MODELING THE EFFECT OF BANDWIDTH ALLOCATION ON NETWORK PERFORMANCE
Authors
M.E. Ekpenyong
Department of Computer Science, University of Uyo, Nigeria
P.J. Udoh
Department of Mathematics and Statistics, University of Uyo, Nigeria
Abstract
In this paper, a new channel capacity model for interference-limited systems was obtained by transforming the Shannon-Hartley theorem for channel capacity. To emulate an operational system, a dashboard Motorola monitoring device was used to collect data from a group of Base Stations (BSs) serving (a section of) the Nigerian air space and belonging to one of the existing network carriers. Our findings revealed that the uplink and downlink throughputs of the existing system were not impressive even when there was uniform sharing of bottlenecks across the BSs. Using MATLAB, simulations were then performed by extending these data, subject to ideal environmental constraints.

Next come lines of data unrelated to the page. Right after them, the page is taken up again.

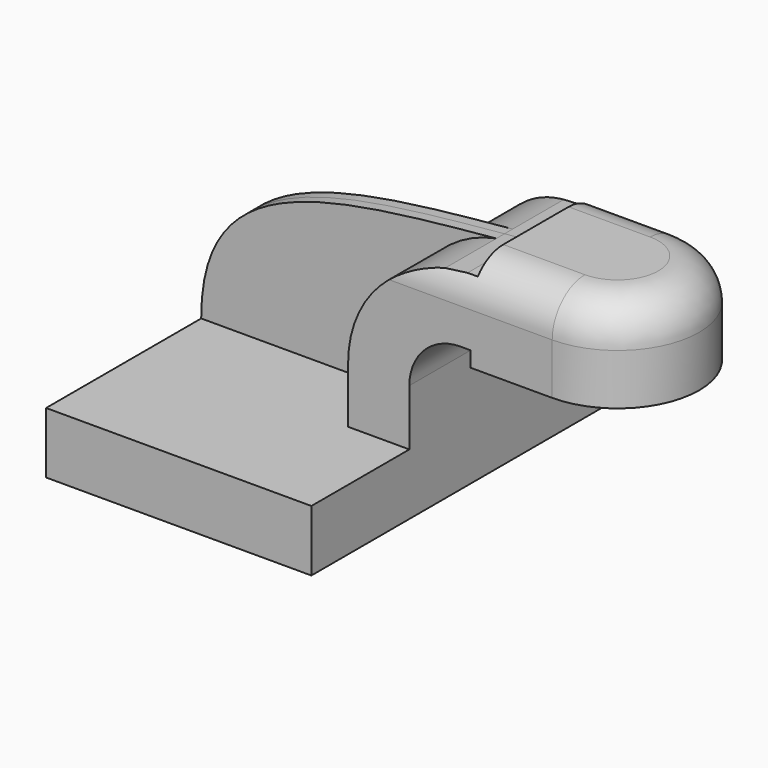
from build123d import *

# Parameters (mm, degrees)
F1_DEPTH = 63.5
F0_W     = 25.4
F0_H     = 19.05
F0_H_2   = 4.7498
F0_H_3   = 4.7752
F2_DEPTH = 25.4
F4_DEPTH = 3.175
F5_R     = 12.7


with BuildPart() as f1:
    # F0 (on Front) → F1 (new body, symmetric)
    with BuildSketch(Plane.XZ):
        Polygon((-41.275, -9.525), (41.275, -9.525), (41.275, 9.525), (22.225, 9.525), (-41.275, 9.525), align=None)
    extrude(amount=F1_DEPTH, both=True)

    # F0 (on Front) → F2 (join, symmetric)
    with BuildSketch(Plane.XZ):
        with BuildLine():
            Line((22.225, 9.525), (41.275, 9.525))
            Line((41.275, 9.525), (41.275, 27.0002))
            ThreePointArc((41.275, 27.0002), (45.9246798487, 38.2255201513), (57.15, 42.8752))
            Line((57.15, 42.8752), (60.325, 42.8752))
            Line((60.325, 42.8752), (60.325, 61.9252))
            Line((60.325, 61.9252), (57.15, 61.9252))
            add(Edge.make_bspline(
                [(50.5716827733, 61.3000741611), (52.7396972635, 61.5056461021), (54.9329690535, 61.7131439678), (57.15, 61.9252)],
                knots=[107.178919237, 107.178919237, 107.178919237, 107.178919237, 111.5045361635, 111.5045361635, 111.5045361635, 111.5045361635], degree=3))
            ThreePointArc((50.5716827733, 61.3000741611), (30.2287876003, 49.2488841842), (22.225, 27.0002))
            Line((22.225, 27.0002), (22.225, 9.525))
        make_face()
        with Locations((73.025, 52.4002)):
            Rectangle(F0_W, F0_H)
        with Locations((73.025, 64.3001)):
            Rectangle(F0_W, F0_H_2)
        with Locations((73.025, 40.4876)):
            Rectangle(F0_W, F0_H_3)
    extrude(amount=F2_DEPTH, both=True)

    # F0 (on Front) → F3 (revolve)
    with BuildSketch(Plane.XZ):
        Polygon((85.725, 61.9252), (85.725, 42.8752), (85.725, 38.1), (111.125, 38.1), (111.125, 66.675), (85.725, 66.675), align=None)
    revolve(axis=Axis((85.725, 0, 52.3875), (0, 0, 1)))

    # F0 (on Front) → F4 (join, symmetric)
    with BuildSketch(Plane.XZ):
        with BuildLine():
            add(Edge.make_bspline(
                [(-41.275, 9.525), (-41.358874461, 52.2952599857), (-3.1467703164, 56.2064704424), (50.5716827733, 61.3000741611)],
                knots=[0, 0, 0, 0, 107.178919237, 107.178919237, 107.178919237, 107.178919237], degree=3))
            Line((-41.275, 9.525), (22.225, 9.525))
            Line((22.225, 9.525), (22.225, 27.0002))
            ThreePointArc((22.225, 27.0002), (30.2287876003, 49.2488841842), (50.5716827733, 61.3000741611))
        make_face()
    extrude(amount=F4_DEPTH, both=True)

    # F5
    f5_edges = [f1.edges().sort_by_distance(p)[0] for p in [
        (85.725, 25.4, 52.3875),
        (73.025, 25.4, 66.675),
        (73.025, -25.4, 66.675),
        (111.125, 0, 66.675),
    ]]
    fillet(f5_edges, radius=F5_R)


solid = f1.part

Results obtained revealed the following: (i) The Shannon-Hartley model performed as expected for no-interference systems (TDMA and FDMA), but as the bandwidth improved, only limited number of users could access the network in the presence of increased SNR; (ii) The proposed model showed improved performance for CDMA networks, but further increase in the bandwidth did not benefit the network; (iii) A reliability measure such as the spectral efficiency is therefore useful to redeem the limitation in (ii).